To do that, you’ll need to keep your wits about you. Combining seemingly incompatible items like rocks and sticks can create useful tools like spears used for fishing or knocking down coconuts. Timber and flint arrive in a limited stream of care packages that can start up fires used to cook meat. The longer you survive, the more items come your way, the more combinations you can make, the longer you survive and so on and so forth.

There’s a spiriting sense of DIY here; there’s no tutorial and the only hints you’ll be given come by way of your cartoonish crab companion, Carl, voiced by the ever-enthusiastic Greg Miller. You’re largely left to figure out what to do for yourself and the game is all the better for it; successful crafting comes with a rewarding sensation, as does figuring out what you’re actually meant to be doing with your freshly-made tools.

Once you’ve got the basics down you can have some fun as a survival pro, settling into an entertaining routine of rationing food, keeping an eye on cooking fish, stoking flames with flint and making sure seagulls don’t steal your grub.

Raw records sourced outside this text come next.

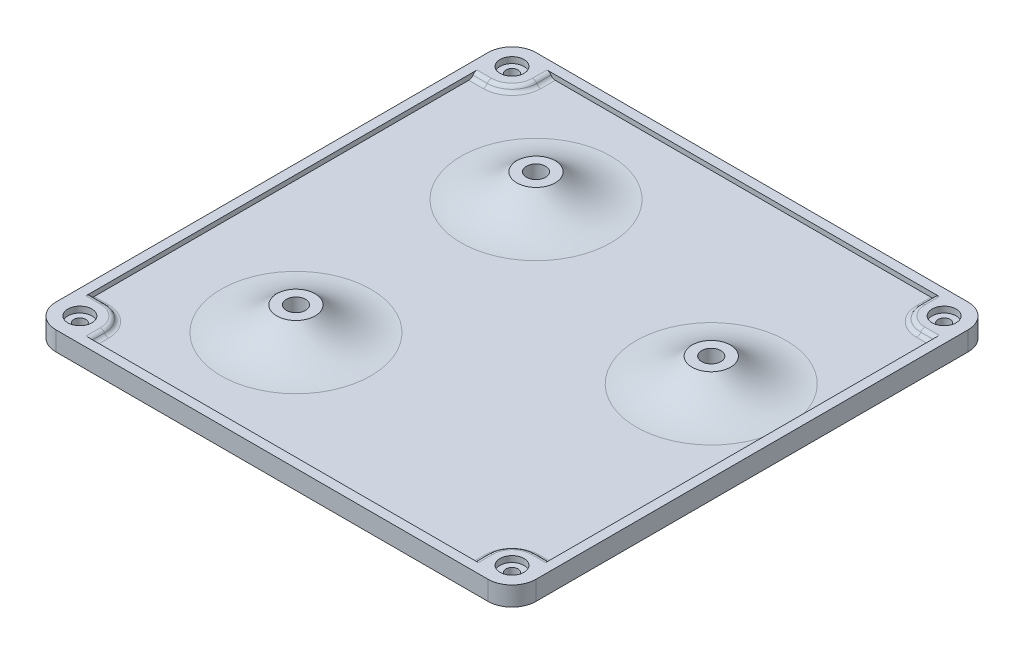
SolidWorks part; units mm, degrees
ref_plane "Front Plane" through (0, 0, 0) normal (0, 0, 1) x (1, 0, 0)
ref_plane "Top Plane" through (0, 0, 0) normal (0, 1, 0) x (1, 0, 0)
ref_plane "Right Plane" through (0, 0, 0) normal (1, 0, 0) x (0, 0, -1)
sketch "Sketch1" plane through (0, 0, 0) normal (0, 1, 0) x (1, 0, 0)
  line L1 (50, 50) -> (-50, 50)
  line L2 (50, 50) -> (50, -50)
  line L3 (50, -50) -> (-50, -50)
  line L4 (-50, 50) -> (-50, -50)
  line L5 (50, 50) -> (-50, -50) construction
  line L6 (50, -50) -> (-50, 50) construction
  point P0 (0, 0)
extrude "Boss-Extrude1" add sketch "Sketch1" along normal blind 4
sketch "Sketch2" plane through (0, 4, 0) normal (0, 1, 0) x (1, 0, 0)
  line L1 (48, 48) -> (-48, 48)
  line L2 (48, 48) -> (48, -48)
  line L3 (48, -48) -> (-48, -48)
  line L4 (-48, 48) -> (-48, -48)
  line L5 (48, 48) -> (-48, -48) construction
  line L6 (48, -48) -> (-48, 48) construction
  point P0 (0, 0)
extrude "Cut-Extrude1" cut sketch "Sketch2" against normal blind 1
sketch "Sketch7" plane through (0, 3, 0) normal (0, 1, 0) x (1, 0, 0)
  line L1 (-48, 48) -> (-40, 48)
  line L2 (-48, 48) -> (-48, 40)
  line L3 (-48, 40) -> (-40, 40)
  line L4 (-40, 48) -> (-40, 40)
  line L5 (-48, 48) -> (-40, 40) construction
  line L6 (-48, 40) -> (-40, 48) construction
  point P0 (-44, 44)
extrude "Boss-Extrude4" add sketch "Sketch7" along normal blind 1
sketch "Sketch9" plane through (0, 3, 0) normal (0, 1, 0) x (1, 0, 0)
  line L1 (48, 48) -> (40, 48)
  line L2 (48, 48) -> (48, 40)
  line L3 (48, 40) -> (40, 40)
  line L4 (40, 48) -> (40, 40)
  line L5 (48, 48) -> (40, 40) construction
  line L6 (48, 40) -> (40, 48) construction
  point P0 (44, 44)
extrude "Boss-Extrude5" add sketch "Sketch9" along normal blind 1
sketch "Sketch10" plane through (0, 3, 0) normal (0, 1, 0) x (1, 0, 0)
  line L1 (-48, -48) -> (-40, -48)
  line L2 (-48, -48) -> (-48, -40)
  line L3 (-48, -40) -> (-40, -40)
  line L4 (-40, -48) -> (-40, -40)
  line L5 (-48, -48) -> (-40, -40) construction
  line L6 (-48, -40) -> (-40, -48) construction
  point P0 (-44, -44)
extrude "Boss-Extrude6" add sketch "Sketch10" along normal blind 1
sketch "Sketch11" plane through (0, 3, 0) normal (0, 1, 0) x (1, 0, 0)
  line L1 (48, -48) -> (40, -48)
  line L2 (48, -48) -> (48, -40)
  line L3 (48, -40) -> (40, -40)
  line L4 (40, -48) -> (40, -40)
  line L5 (48, -48) -> (40, -40) construction
  line L6 (48, -40) -> (40, -48) construction
  point P0 (44, -44)
extrude "Boss-Extrude7" add sketch "Sketch11" along normal blind 1
fillet "Fillet8" radius 5 1 edges at (-40, 3.5, -40)
fillet "Fillet9" radius 5 1 edges at (-40, 3.5, 40)
fillet "Fillet10" radius 5 1 edges at (40, 3.5, 40)
fillet "Fillet11" radius 5 1 edges at (40, 3.5, -40)
fillet "Fillet12" radius 5 1 edges at (50, 2, -50)
fillet "Fillet13" radius 5 1 edges at (50, 2, 50)
fillet "Fillet14" radius 5 1 edges at (-50, 2, 50)
fillet "Fillet15" radius 5 1 edges at (-50, 2, -50)
fillet "Fillet18" radius 1 3 edges at (-40, 3, -46.5) (-46.5, 3, -40) (-41.4645, 3, -41.4645)
fillet "Fillet19" radius 1 3 edges at (-46.5, 4, -40) (-40, 4, -46.5) (-41.4645, 4, -41.4645)
fillet "Fillet20" radius 1 3 edges at (40, 4, -46.5) (46.5, 4, -40) (41.4645, 4, -41.4645)
fillet "Fillet21" radius 1 3 edges at (46.5, 3, -40) (40, 3, -46.5) (41.4645, 3, -41.4645)
fillet "Fillet22" radius 1 3 edges at (-46.5, 3, 40) (-40, 3, 46.5) (-41.4645, 3, 41.4645)
fillet "Fillet23" radius 1 3 edges at (-40, 4, 46.5) (-46.5, 4, 40) (-41.4645, 4, 41.4645)
fillet "Fillet24" radius 1 3 edges at (46.5, 4, 40) (40, 4, 46.5) (41.4645, 4, 41.4645)
fillet "Fillet25" radius 1 3 edges at (40, 3, 46.5) (46.5, 3, 40) (41.4645, 3, 41.4645)
sketch "Sketch15" plane through (0, 4, 0) normal (0, 1, 0) x (1, 0, 0)
  circle A0 centre (-45, 45) radius 2.5
extrude "Cut-Extrude7" cut sketch "Sketch15" against normal blind 1.25
sketch "Sketch16" plane through (0, 0, 0) normal (0, -1, 0) x (1, 0, 0)
  circle A0 centre (-45, -45) radius 2.5
extrude "Cut-Extrude8" cut sketch "Sketch16" against normal blind 1.25
sketch "Sketch17" plane through (0, 2.75, 0) normal (0, 1, 0) x (1, 0, 0)
  circle A0 centre (-45, 45) radius 1.1
extrude "Cut-Extrude9" cut sketch "Sketch17" against normal blind 1.5
sketch "Sketch18" plane through (0, 4, 0) normal (0, 1, 0) x (1, 0, 0)
  circle A0 centre (45, 45) radius 2.5
extrude "Cut-Extrude10" cut sketch "Sketch18" against normal blind 1.25
sketch "Sketch19" plane through (0, 0, 0) normal (0, -1, 0) x (1, 0, 0)
  circle A0 centre (45, -45) radius 2.5
extrude "Cut-Extrude11" cut sketch "Sketch19" against normal blind 1.25
sketch "Sketch20" plane through (0, 2.75, 0) normal (0, 1, 0) x (1, 0, 0)
  circle A0 centre (45, 45) radius 1.05
extrude "Cut-Extrude12" cut sketch "Sketch20" against normal through all
sketch "Sketch21" plane through (0, 4, 0) normal (0, 1, 0) x (1, 0, 0)
  circle A0 centre (-45, -45) radius 2.5
extrude "Cut-Extrude13" cut sketch "Sketch21" against normal blind 1.25
sketch "Sketch23" plane through (0, 0, 0) normal (0, -1, 0) x (-1, 0, 0)
  circle A0 centre (45, -45) radius 2.5
extrude "Cut-Extrude14" cut sketch "Sketch23" against normal blind 1.25
sketch "Sketch24" plane through (0, 2.75, 0) normal (0, 1, 0) x (1, 0, 0)
  circle A0 centre (-45, -45) radius 1.05
extrude "Cut-Extrude15" cut sketch "Sketch24" against normal through all
sketch "Sketch25" plane through (0, 0, 0) normal (0, -1, 0) x (1, 0, 0)
  circle A0 centre (45, 45) radius 2.5
extrude "Cut-Extrude16" cut sketch "Sketch25" against normal blind 1.25
sketch "Sketch26" plane through (0, 4, 0) normal (0, 1, 0) x (1, 0, 0)
  circle A0 centre (45, -45) radius 2.5
extrude "Cut-Extrude17" cut sketch "Sketch26" against normal blind 1.25
sketch "Sketch27" plane through (0, 2.75, 0) normal (0, 1, 0) x (1, 0, 0)
  circle A0 centre (45, -45) radius 1.05
  point P3 (0, 0)
  point P4 (0, 0)
extrude "Cut-Extrude18" cut sketch "Sketch27" against normal through all
sketch "Sketch28" plane through (0, 3, 0) normal (0, 1, 0) x (1, 0, 0)
  circle A0 centre (-19.5, 24.5) radius 4
sketch "Sketch31" plane through (0, 3, 0) normal (0, 1, 0) x (1, 0, 0)
  circle A0 centre (-20.5, -24.5) radius 4
sketch "Sketch33" plane through (0, 3, 0) normal (0, 1, 0) x (1, 0, 0)
  circle A0 centre (32, 9.5) radius 4
extrude "Boss-Extrude9" add sketch "Sketch28" along normal blind 5
extrude "Boss-Extrude10" add sketch "Sketch31" along normal blind 5
extrude "Boss-Extrude11" add sketch "Sketch33" along normal blind 5
sketch "Sketch39" plane through (0, 8, 0) normal (0, 1, 0) x (1, 0, 0)
  circle A0 centre (-19.5, 24.5) radius 2
extrude "Cut-Extrude22" cut sketch "Sketch39" against normal blind 5.45
sketch "Sketch40" plane through (0, 8, 0) normal (0, 1, 0) x (1, 0, 0)
  circle A0 centre (32, 9.5) radius 2
extrude "Cut-Extrude23" cut sketch "Sketch40" against normal blind 5.45
sketch "Sketch41" plane through (0, 8, 0) normal (0, 1, 0) x (1, 0, 0)
  circle A0 centre (-20.5, -24.5) radius 2
extrude "Cut-Extrude24" cut sketch "Sketch41" against normal blind 5.45
fillet "Fillet27" radius 16 3 edges at (-20.5, 3, 20.5) (32, 3, -13.5) (-19.5, 3, -28.5)
sketch "Sketch42" plane through (0, 2.75, 0) normal (0, 1, 0) x (1, 0, 0)
  circle A0 centre (45, -45) radius 1.25
extrude "Cut-Extrude25" cut sketch "Sketch42" against normal through all
sketch "Sketch43" plane through (0, 2.75, 0) normal (0, 1, 0) x (1, 0, 0)
  circle A0 centre (-45, 45) radius 1.25
extrude "Cut-Extrude26" cut sketch "Sketch43" against normal through all
sketch "Sketch44" plane through (0, 2.75, 0) normal (0, 1, 0) x (1, 0, 0)
  circle A0 centre (-45, -45) radius 1.25
extrude "Cut-Extrude27" cut sketch "Sketch44" against normal through all
sketch "Sketch45" plane through (0, 2.75, 0) normal (0, 1, 0) x (1, 0, 0)
  circle A0 centre (45, 45) radius 1.25
extrude "Cut-Extrude28" cut sketch "Sketch45" against normal through all
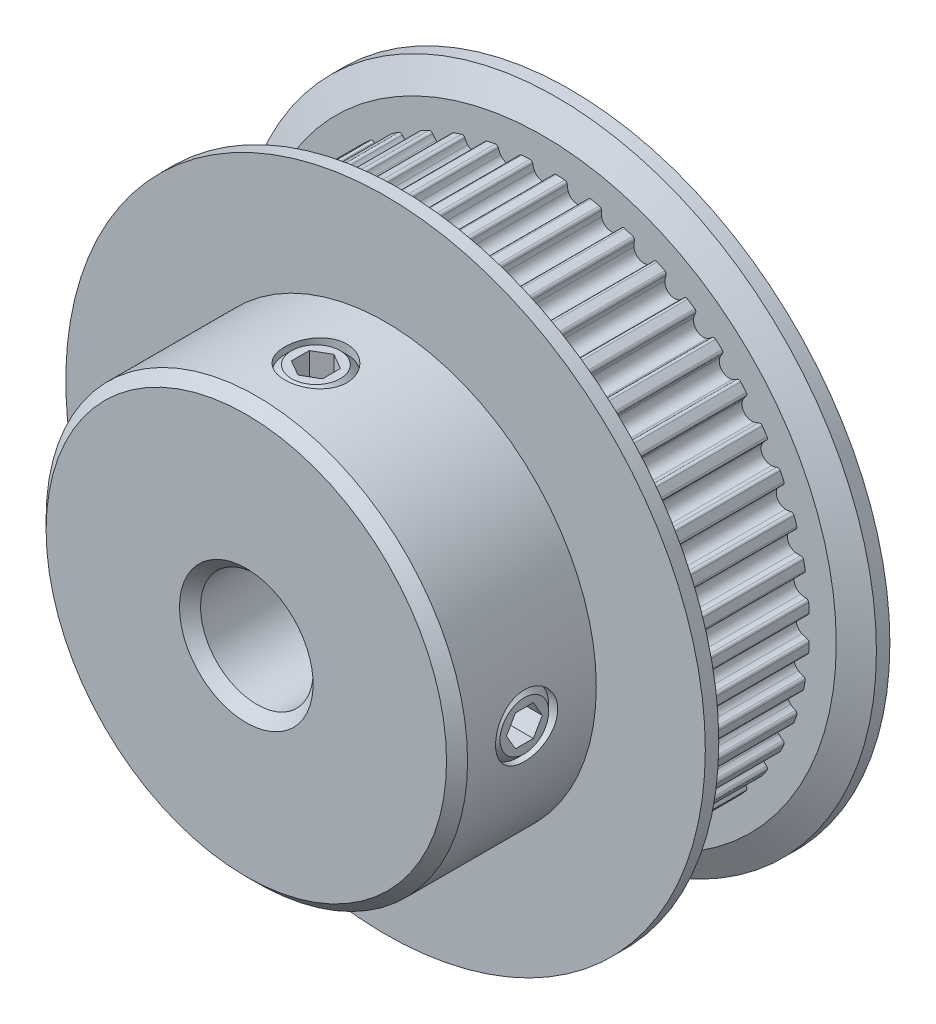
SolidWorks part; units mm, degrees
ref_plane "Front Plane" through (0, 0, 0) normal (0, 0, 1) x (1, 0, 0)
ref_plane "Top Plane" through (0, 0, 0) normal (0, 1, 0) x (1, 0, 0)
ref_plane "Right Plane" through (0, 0, 0) normal (1, 0, 0) x (0, 0, -1)
sketch "Sketch1" plane through (0, 0, 0) normal (0, 0, 1) x (1, 0, 0)
  line L1 (-1.8807, 14.274) -> (1.8807, 14.274) construction
  line L4 (0, 0) -> (0, 14.274) construction
  line L5 (0, 14.274) -> (0, 16.8906) construction
  line L6 (0, 15.278) -> (1.9957, 15.1471) construction
  line L7 (1.9957, 15.1471) -> (2.8688, 15.0321) construction
  line L8 (1.9957, 15.1471) -> (1.8807, 14.274) construction
  line L9 (-1.9957, 15.1471) -> (-1.8807, 14.274) construction
  line L10 (-1.9625, 14.8953) -> (-2.3761, 18.034)
  line L11 (-2.3761, 18.034) -> (2.3761, 18.034)
  line L12 (2.3761, 18.034) -> (1.9625, 14.8953)
  circle A0 centre (0, 0) radius 15.278 construction
  circle A1 centre (0, 0) radius 18.034 construction
  circle A2 centre (0, 0) radius 15.024 construction
  arc A3 (-0.4989, 14.5858) -> (0.4989, 14.5858) centre (0, 14.829) ccw
  arc A4 (-0.4989, 14.5858) -> (-0.5892, 14.8777) centre (0.4, 15.024) cw
  arc A5 (-1.9625, 14.8953) -> (-0.7451, 15.0055) centre (0, 0) cw
  arc A6 (-0.5892, 14.8777) -> (-0.7451, 15.0055) centre (-0.7376, 14.8557) ccw
  arc A7 (1.9625, 14.8953) -> (0.7451, 15.0055) centre (0, 0) ccw
  arc A8 (0.5892, 14.8777) -> (0.7451, 15.0055) centre (0.7376, 14.8557) cw
  arc A9 (0.4989, 14.5858) -> (0.5892, 14.8777) centre (-0.4, 15.024) ccw
  point P6 (0, 20.9083)
  point P11 (0, 15.278)
  point P13 (0, 18.034)
  point P14 (0, 15.024)
  dimension "D1" = 4.0177
  dimension "D2" = 1.6126
sketch "Sketch2" plane through (0, 0, 0) normal (1, 0, 0) x (0, 0, -1)
  line L0 (-9.1313, 3.175) -> (9.1313, 3.175)
  line L1 (-9.1313, 3.175) -> (-9.1313, 11.885)
  line L2 (-9.1313, 11.885) -> (-1.2787, 11.885)
  line L3 (-1.2787, 11.885) -> (-1.2787, 18.034)
  line L4 (-1.2787, 18.034) -> (0.2413, 18.034) construction
  line L5 (0.2413, 18.034) -> (0.2413, 15.024) construction
  line L6 (0.2413, 15.024) -> (7.6113, 15.024)
  line L7 (7.6113, 15.024) -> (7.6113, 18.034) construction
  line L8 (7.6113, 18.034) -> (9.1313, 18.034) construction
  line L9 (9.1313, 18.034) -> (9.1313, 3.175)
  line L10 (-9.1313, 0) -> (9.1313, 0) construction
  line L11 (8.3713, 18.034) -> (7.6113, 16.529)
  line L12 (0.2413, 16.529) -> (-0.5187, 18.034)
  line L13 (-1.2787, 18.034) -> (-0.5187, 18.034)
  line L14 (0.2413, 16.529) -> (0.2413, 15.024)
  line L15 (7.6113, 15.024) -> (7.6113, 16.529)
  line L16 (8.3713, 18.034) -> (9.1313, 18.034)
  arc A0 (0.2413, 16.529) -> (-0.5187, 18.034) centre (-1.6288, 16.529) ccw construction
  arc A1 (7.6113, 16.529) -> (8.3713, 18.034) centre (9.4814, 16.529) cw construction
  point P12 (0.2413, 16.529)
  point P14 (-0.5187, 18.034)
  point P20 (7.6113, 16.529)
  point P21 (8.3713, 18.034)
  point P25 (7.6113, 0)
  point P26 (0.2413, 0)
revolve "Revolve1" add sketch "Sketch2" angle 360 mid plane about L10
sketch "Sketch3" plane through (0, 0, 0) normal (0, 0, 1) x (1, 0, 0)
  line L6 (2.3761, 18.034) -> (-2.3761, 18.034)
  line L7 (1.9625, 14.8953) -> (2.3761, 18.034)
  line L8 (-2.3761, 18.034) -> (-1.9625, 14.8953)
  line L9 (2.3761, 18.034) -> (-2.3761, 18.034)
  line L10 (1.9625, 14.8953) -> (2.3761, 18.034)
  line L11 (-2.3761, 18.034) -> (-1.9625, 14.8953)
  arc A8 (1.9625, 14.8953) -> (0.7451, 15.0055) centre (0, 0) ccw
  arc A9 (0.7451, 15.0055) -> (0.5892, 14.8777) centre (0.7376, 14.8557) ccw
  arc A10 (0.4989, 14.5858) -> (0.5892, 14.8777) centre (-0.4, 15.024) ccw
  arc A11 (-0.4989, 14.5858) -> (0.4989, 14.5858) centre (0, 14.829) ccw
  arc A12 (-0.5892, 14.8777) -> (-0.4989, 14.5858) centre (0.4, 15.024) ccw
  arc A13 (-0.5892, 14.8777) -> (-0.7451, 15.0055) centre (-0.7376, 14.8557) ccw
  arc A14 (-0.7451, 15.0055) -> (-1.9625, 14.8953) centre (0, 0) ccw
  arc A15 (1.9625, 14.8953) -> (0.7451, 15.0055) centre (0, 0) ccw
  arc A16 (0.7451, 15.0055) -> (0.5892, 14.8777) centre (0.7376, 14.8557) ccw
  arc A17 (0.4989, 14.5858) -> (0.5892, 14.8777) centre (-0.4, 15.024) ccw
  arc A18 (-0.4989, 14.5858) -> (0.4989, 14.5858) centre (0, 14.829) ccw
  arc A19 (-0.5892, 14.8777) -> (-0.4989, 14.5858) centre (0.4, 15.024) ccw
  arc A20 (-0.5892, 14.8777) -> (-0.7451, 15.0055) centre (-0.7376, 14.8557) ccw
  arc A21 (-0.7451, 15.0055) -> (-1.9625, 14.8953) centre (0, 0) ccw
  dimension "D1" = 0
extrude "Cut-Extrude1" cut sketch "Sketch3" against normal up to vertex (7.6113 mm away) from vertex up to point (0, 15.024, -7.6113) starting at point (0, 15.024, -0.2413)
pattern_circular "CirPattern1" count 48 over 360 about axis through (0, 0, 9.1313) along (0, 0, 1) of "Cut-Extrude1"
sketch "Sketch4" plane through (0, 0, 0) normal (1, 0, 0) x (0, -1, 0)
  line L0 (0, -1.2787) -> (0, -9.1313) construction
  line L1 (-11.885, -1.2787) -> (11.885, -1.2787) construction
  line L2 (-11.885, -9.1313) -> (11.885, -9.1313) construction
  circle A0 centre (0, -5.205) radius 1.7526
extrude "Cut-Extrude2" cut sketch "Sketch4" along normal through all
ref_plane "Plane1" through (0, 0, 5.205) normal (0, 0, 1) x (1, 0, 0)
sketch "Sketch5" plane through (0, 0, 5.205) normal (0, 0, 1) x (1, 0, 0)
  line L0 (0, 0.1664) -> (0, 11.885) construction
  line L1 (3.175, -1.3716) -> (3.175, 0)
  line L2 (3.556, -1.7526) -> (11.3741, -1.7526)
  line L3 (3.175, 0) -> (11.885, 0) construction
  line L4 (3.175, 0) -> (11.7551, 0)
  line L5 (11.7551, 0) -> (11.7551, -1.3716)
  line L6 (3.556, -1.7526) -> (3.175, -1.3716)
  line L7 (11.7551, -1.3716) -> (11.3741, -1.7526)
  circle A0 centre (0, 0) radius 11.885 construction
  circle A1 centre (0, 0) radius 3.175 construction
  point P2 (3.175, -1.7526)
  point P11 (11.7551, -1.7526)
revolve "Revolve2" add sketch "Sketch5" angle 360 mid plane about L4
sketch "Sketch6" plane through (11.7551, 5.3841, 0) normal (-1, 0, 0) x (0, -1, 0)
  line L1 (5.3841, 6.2169) -> (4.5078, 5.7109)
  line L2 (4.5078, 5.7109) -> (4.5078, 4.6991)
  line L3 (4.5078, 4.6991) -> (5.3841, 4.1931)
  line L4 (5.3841, 4.1931) -> (6.2604, 4.6991)
  line L5 (6.2604, 4.6991) -> (6.2604, 5.7109)
  line L6 (6.2604, 5.7109) -> (5.3841, 6.2169)
  circle A0 centre (5.3841, 5.205) radius 0.8763 construction
  dimension "D1" = 1.7526
extrude "Cut-Extrude3" cut sketch "Sketch6" along normal blind 1.3144
pattern_circular "CirPattern2" count 2 over 90 about axis through (0, 0, 9.1313) along (0, 0, 1) of "Cut-Extrude2", "Revolve2", "Cut-Extrude3"
chamfer "Chamfer1" distance 0.5943 angle 45 2 edges at (3.175, 0, 9.1313) (11.885, 0, 9.1313)
ref_axis "Center Axis 1" through (0, 0, -9.1313) along (0, 0, 1)
ref_plane "Contact Plane 1" through (0, 0, 9.1313) normal (0, 0, 1) x (1, 0, 0)
ref_plane "Contact Plane 2" through (0, 0, -9.1313) normal (0, 0, -1) x (-1, 0, 0)
equation "\"D2@Sketch1\" = \"D1@Sketch1\"/2"
equation "\"D1@Sketch6\" = \"Set Screw@Sketch4\" / 2"
equation "\"D1@Cut-Extrude3\" = \"D1@Sketch6\"*.75"
equation "\"D1@Chamfer1\"=\"Hub Dia@Sketch2\"*.025"

It’s an often amusing spinning plate contest that’s designed to really start pushing you around the 20-minute mark.

But, just like the patch of sand you’re surviving on, Island Time is a little too small. There just isn’t the level of ingenuity and invention you might have been hoping for here; most items are just combined with sticks, for example, and most of the threats you face are meager. Once you’ve learned to fish and collect coconuts you’ve learned the majority of the game and, while this is engaging enough at first, it’s not enough to keep you coming back after a few playthroughs. My best time clocked in at just under 19 minutes, during which I was essentially doing the exact same tasks from the off. Island Time fails to evolve, and that’s its biggest downfall.

Besides, there isn’t much point to repeated playthroughs aside from achievement hunting. This is that rare type of game I could actually see myself competing in leaderboards on, but there aren’t any to speak of, not to mention any sort of progression system that might make your next trip to the island a little bit different.

It’s a real shame, as the concept has such promise. With a few more items to combine and dangers to fend off, Island Time could have been a devilishly unpredictable game of survival but instead it plays its hand far too soon.

From the bright visuals to the peppy voice acting, Island Time has plenty of charm as well as the foundations for a solid survival game. Sadly it’s far too limited in scope and can be mastered in less than an hour. With a few more fresh ideas Flight School could have had a hit on its hands, but as it stands the game’s fun is quickly-forgotten.